However, we can tweak it by adding a constant term since this only affects the unobservable global phase. We note that

$$ \frac{I\otimes I + X\otimes X + Y\otimes Y + Z\otimes Z}{2} = \begin{pmatrix} 1 & 0 & 0 & 0 \\ 0 & 0 & 1 & 0 \\ 0 & 1 & 0 & 0 \\ 0 & 0 & 0 & 1 \end{pmatrix} = \text{SWAP} $$

does square to identity.
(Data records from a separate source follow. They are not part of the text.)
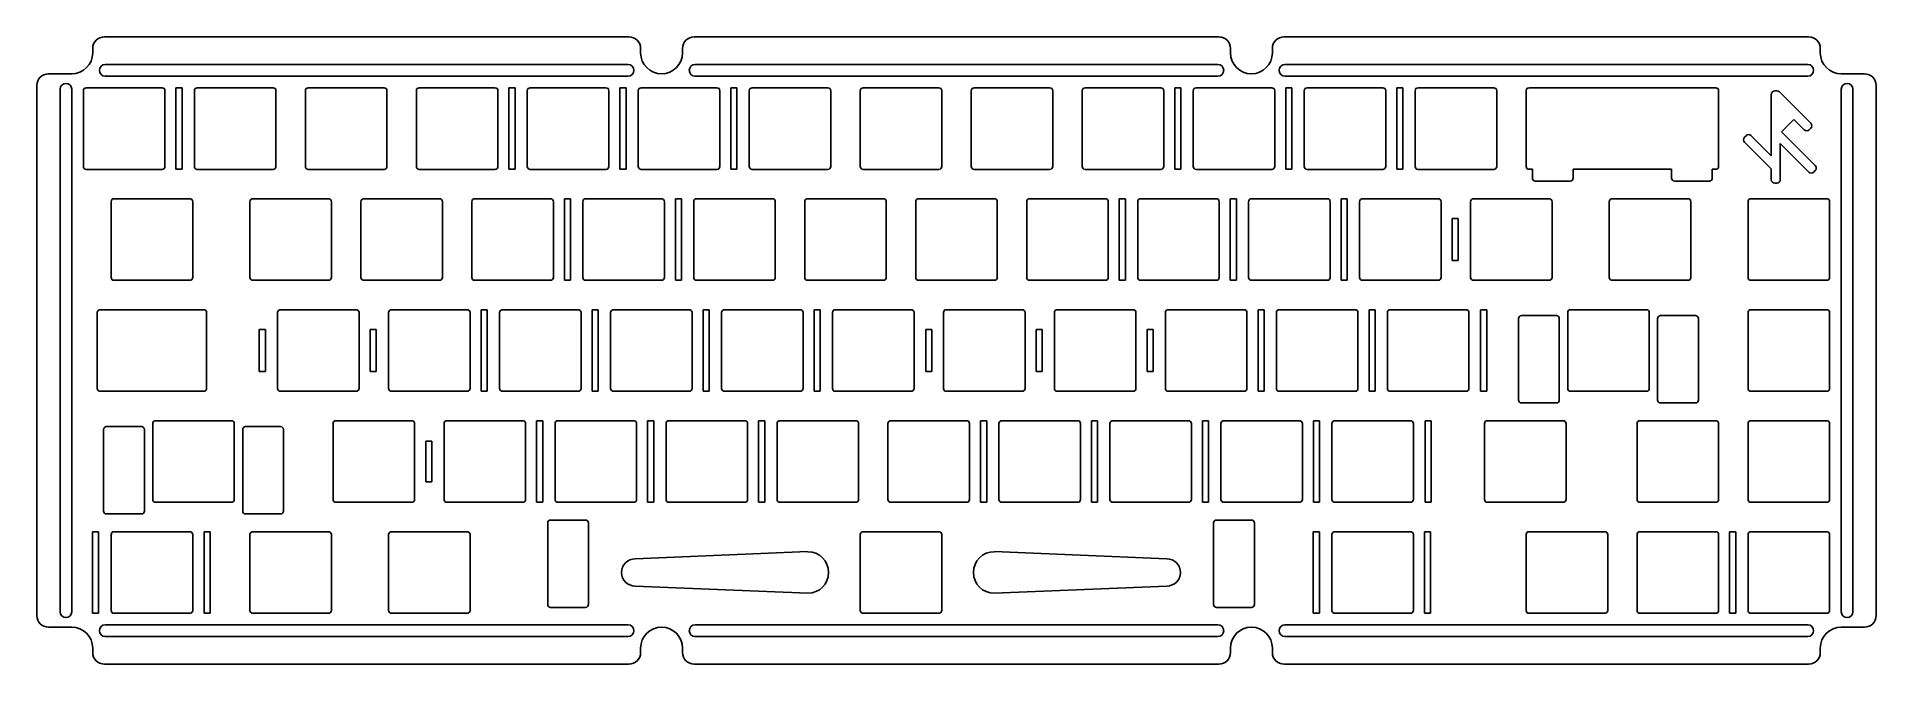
# Model space of a CAD drawing. Extents: x -185 to 131, y 130 to 238.
import ezdxf

# ---------------------------------------------------------------- set-up
doc = ezdxf.new("R2010")
doc.units = 0
doc.header["$MEASUREMENT"] = 0
doc.layers.get('0').update_dxf_attribs({"linetype": 'CONTINUOUS'})

msp = doc.modelspace()

# ---------------------------------------------------------------- linework, layer by layer
at = {"color": 0}
for p, q in [((-173.12, 237.57), (-83.07, 237.57)), ((-71.87, 237.57), (18.18, 237.57)), ((29.38, 237.57), (119.43, 237.57)), ((-175.12, 234.82), (-175.12, 235.57)), ((-81.07, 235.57), (-81.07, 234.82)), ((-73.87, 234.82), (-73.87, 235.57)), ((20.18, 235.57), (20.18, 234.82)), ((27.38, 234.82), (27.38, 235.57)), ((121.43, 235.57), (121.43, 234.82)), ((-182.72, 231.22), (-178.72, 231.22)), ((-172.97, 232.82), (-83.22, 232.82)), ((-172.97, 230.82), (-83.22, 230.82)), ((18.03, 232.82), (-71.72, 232.82)), ((18.03, 230.82), (-71.72, 230.82)), ((119.28, 232.82), (29.53, 232.82)), ((119.28, 230.82), (29.53, 230.82)), ((125.03, 231.22), (129.03, 231.22)), ((-184.72, 229.22), (-184.72, 138.23)), ((-180.72, 138.88), (-180.72, 228.57)), ((-178.72, 138.88), (-178.72, 228.57)), ((-176.72, 215.32), (-176.72, 228.32)), ((-176.22, 228.82), (-163.22, 228.82)), ((-162.72, 228.32), (-162.72, 215.32)), ((-160.83, 228.82), (-160.83, 214.83)), ((-160.83, 228.82), (-159.78, 228.82)), ((-159.78, 228.82), (-159.78, 214.83)), ((-157.67, 215.32), (-157.67, 228.32)), ((-157.17, 228.82), (-144.17, 228.82)), ((-143.67, 228.32), (-143.67, 215.32)), ((-138.62, 215.32), (-138.62, 228.32)), ((-138.12, 228.82), (-125.12, 228.82)), ((-124.62, 228.32), (-124.62, 215.32)), ((-119.57, 215.32), (-119.57, 228.32)), ((-119.07, 228.82), (-106.07, 228.82)), ((-105.57, 228.32), (-105.57, 215.32)), ((-103.68, 228.82), (-103.68, 214.83)), ((-102.63, 228.82), (-103.68, 228.82)), ((-102.63, 214.83), (-102.63, 228.82)), ((-100.52, 215.32), (-100.52, 228.32)), ((-100.02, 228.82), (-87.02, 228.82)), ((-86.52, 228.32), (-86.52, 215.32)), ((-84.63, 228.82), (-84.63, 214.83)), ((-84.63, 228.82), (-83.58, 228.82)), ((-83.58, 228.82), (-83.58, 214.83)), ((-81.47, 215.32), (-81.47, 228.32)), ((-80.97, 228.82), (-67.97, 228.82)), ((-67.47, 228.32), (-67.47, 215.32)), ((-65.58, 228.82), (-65.58, 214.83)), ((-65.58, 228.82), (-64.53, 228.82)), ((-64.53, 228.82), (-64.53, 214.83)), ((-62.42, 215.32), (-62.42, 228.32)), ((-61.92, 228.82), (-48.92, 228.82)), ((-48.42, 228.32), (-48.42, 215.32)), ((-43.37, 215.32), (-43.37, 228.32)), ((-42.87, 228.82), (-29.87, 228.82)), ((-29.37, 228.32), (-29.37, 215.32)), ((-24.32, 215.32), (-24.32, 228.32)), ((-23.82, 228.82), (-10.82, 228.82)), ((-10.32, 228.32), (-10.32, 215.32)), ((-5.27, 215.32), (-5.27, 228.32)), ((-4.77, 228.82), (8.23, 228.82)), ((8.73, 228.32), (8.73, 215.32)), ((10.62, 228.82), (10.62, 214.83)), ((11.67, 228.82), (10.62, 228.82)), ((11.67, 214.83), (11.67, 228.82)), ((13.78, 215.32), (13.78, 228.32)), ((14.28, 228.82), (27.28, 228.82)), ((27.78, 228.32), (27.78, 215.32)), ((29.67, 228.82), (29.67, 214.83)), ((30.72, 228.82), (29.67, 228.82)), ((30.72, 214.83), (30.72, 228.82)), ((32.83, 215.32), (32.83, 228.32)), ((33.33, 228.82), (46.33, 228.82)), ((46.83, 228.32), (46.83, 215.32)), ((48.72, 228.82), (48.72, 214.83)), ((49.77, 228.82), (48.72, 228.82)), ((49.77, 214.83), (49.77, 228.82)), ((51.88, 215.32), (51.88, 228.32)), ((52.38, 228.82), (65.38, 228.82)), ((65.88, 228.32), (65.88, 215.32)), ((70.93, 215.33), (70.93, 228.32)), ((71.43, 228.82), (103.48, 228.82)), ((103.98, 228.32), (103.98, 215.33)), ((113.02, 227.68), (113.02, 217.13)), ((113.98, 228.28), (113.62, 228.28)), ((119.79, 222.72), (114.4, 228.11)), ((125.03, 138.88), (125.03, 228.57)), ((127.03, 138.88), (127.03, 228.57)), ((131.03, 229.22), (131.03, 138.23)), ((114.77, 221.26), (116.9, 223.39)), ((120.57, 215.46), (114.77, 221.26)), ((116.9, 223.39), (118.68, 221.61)), ((119.53, 221.61), (119.79, 221.87)), ((108.7, 220.6), (108.42, 220.33)), ((108.42, 219.48), (113.02, 214.89)), ((113.02, 217.13), (109.54, 220.6)), ((114.56, 219.23), (119.45, 214.34)), ((114.56, 213.04), (114.56, 219.23)), ((-163.22, 214.82), (-176.22, 214.82)), ((-160.83, 214.83), (-159.78, 214.83)), ((-144.17, 214.82), (-157.17, 214.82)), ((-125.12, 214.82), (-138.12, 214.82)), ((-106.07, 214.82), (-119.07, 214.82)), ((-103.68, 214.83), (-102.63, 214.83)), ((-87.02, 214.82), (-100.02, 214.82)), ((-84.63, 214.83), (-83.58, 214.83)), ((-67.97, 214.82), (-80.97, 214.82)), ((-65.58, 214.83), (-64.53, 214.83)), ((-48.92, 214.82), (-61.92, 214.82)), ((-29.87, 214.82), (-42.87, 214.82)), ((-10.82, 214.82), (-23.82, 214.82)), ((8.23, 214.82), (-4.77, 214.82)), ((10.62, 214.83), (11.67, 214.83)), ((27.28, 214.82), (14.28, 214.82)), ((29.67, 214.83), (30.72, 214.83)), ((46.33, 214.82), (33.33, 214.82)), ((48.72, 214.83), (49.77, 214.83)), ((65.38, 214.82), (52.38, 214.82)), ((72.01, 214.83), (71.43, 214.83)), ((72.01, 213.32), (72.01, 214.83)), ((95.89, 214.83), (79.01, 214.83)), ((79.01, 214.83), (79.01, 213.32)), ((95.89, 213.32), (95.89, 214.83)), ((103.48, 214.83), (102.89, 214.83)), ((102.89, 214.83), (102.89, 213.32)), ((113.02, 214.89), (113.02, 213.04)), ((78.51, 212.82), (72.51, 212.82)), ((102.39, 212.82), (96.39, 212.82)), ((113.62, 212.44), (113.96, 212.44)), ((120.3, 214.34), (120.57, 214.61)), ((-171.96, 196.27), (-171.96, 209.27)), ((-171.46, 209.77), (-158.46, 209.77)), ((-157.96, 209.27), (-157.96, 196.27)), ((-148.15, 196.27), (-148.15, 209.27)), ((-147.65, 209.77), (-134.65, 209.77)), ((-134.15, 209.27), (-134.15, 196.27)), ((-129.1, 196.27), (-129.1, 209.27)), ((-128.6, 209.77), (-115.6, 209.77)), ((-115.1, 209.27), (-115.1, 196.27)), ((-110.05, 196.27), (-110.05, 209.27)), ((-109.55, 209.77), (-96.55, 209.77)), ((-96.05, 209.27), (-96.05, 196.27)), ((-94.16, 209.77), (-94.16, 195.78)), ((-93.11, 209.77), (-94.16, 209.77)), ((-93.11, 195.78), (-93.11, 209.77)), ((-91, 196.27), (-91, 209.27)), ((-90.5, 209.77), (-77.5, 209.77)), ((-77, 209.27), (-77, 196.27)), ((-75.11, 209.77), (-75.11, 195.78)), ((-74.06, 209.77), (-75.11, 209.77)), ((-74.06, 195.78), (-74.06, 209.77)), ((-71.95, 196.27), (-71.95, 209.27)), ((-71.45, 209.77), (-58.45, 209.77)), ((-57.95, 209.27), (-57.95, 196.27)), ((-52.9, 196.27), (-52.9, 209.27)), ((-52.4, 209.77), (-39.4, 209.77)), ((-38.9, 209.27), (-38.9, 196.27)), ((-33.85, 196.27), (-33.85, 209.27)), ((-33.35, 209.77), (-20.35, 209.77)), ((-19.85, 209.27), (-19.85, 196.27)), ((-14.8, 196.27), (-14.8, 209.27)), ((-14.3, 209.77), (-1.3, 209.77)), ((-0.8, 209.27), (-0.8, 196.27)), ((1.09, 209.77), (1.09, 195.78)), ((2.14, 209.77), (1.09, 209.77)), ((2.14, 195.78), (2.14, 209.77)), ((4.25, 196.27), (4.25, 209.27)), ((4.75, 209.77), (17.75, 209.77)), ((18.25, 209.27), (18.25, 196.27)), ((20.14, 209.77), (20.14, 195.78)), ((21.19, 209.77), (20.14, 209.77)), ((21.19, 195.78), (21.19, 209.77)), ((23.3, 196.27), (23.3, 209.27)), ((23.8, 209.77), (36.8, 209.77)), ((37.3, 209.27), (37.3, 196.27)), ((39.19, 209.77), (39.19, 195.78)), ((40.24, 209.77), (39.19, 209.77)), ((40.24, 195.78), (40.24, 209.77)), ((42.35, 196.27), (42.35, 209.27)), ((42.85, 209.77), (55.85, 209.77)), ((56.35, 209.27), (56.35, 196.27)), ((61.4, 196.27), (61.4, 209.27)), ((61.9, 209.77), (74.9, 209.77)), ((75.4, 209.27), (75.4, 196.27)), ((85.21, 196.27), (85.21, 209.27)), ((85.71, 209.77), (98.71, 209.77)), ((99.21, 209.27), (99.21, 196.27)), ((109.03, 196.27), (109.03, 209.27)), ((109.53, 209.77), (122.53, 209.77)), ((123.03, 209.27), (123.03, 196.27)), ((58.24, 206.36), (58.24, 199.19)), ((59.29, 206.36), (58.24, 206.36)), ((59.29, 199.19), (59.29, 206.36)), ((58.24, 199.19), (59.29, 199.19)), ((-158.46, 195.77), (-171.46, 195.77)), ((-134.65, 195.77), (-147.65, 195.77)), ((-115.6, 195.77), (-128.6, 195.77)), ((-96.55, 195.77), (-109.55, 195.77)), ((-94.16, 195.78), (-93.11, 195.78)), ((-77.5, 195.77), (-90.5, 195.77)), ((-75.11, 195.78), (-74.06, 195.78)), ((-58.45, 195.77), (-71.45, 195.77)), ((-39.4, 195.77), (-52.4, 195.77)), ((-20.35, 195.77), (-33.35, 195.77)), ((-1.3, 195.77), (-14.3, 195.77)), ((1.09, 195.78), (2.14, 195.78)), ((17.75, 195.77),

Thus, we can write

$$ \exp\left(-\frac{i\gamma}{2}(I\otimes I + X\otimes X + Y\otimes Y + Z\otimes Z)\right) = I\cos\gamma -\text{SWAP}\, i\sin\gamma $$

which means that the Hamiltonian generates the fractional SWAP gate

$$ \exp\left(-\frac{i\gamma}{2}(X\otimes X + Y\otimes Y + Z\otimes Z)\right) = e^{\frac{i\gamma}{2}}(I\cos\gamma -\text{SWAP}\, i\sin\gamma). $$

When $\theta=\frac{\gamma}{2}=k\frac{\pi}{4}$ and $k$ is an odd integer then the evolution swaps the two qubits and when $k$ is an even integer then it acts as identity.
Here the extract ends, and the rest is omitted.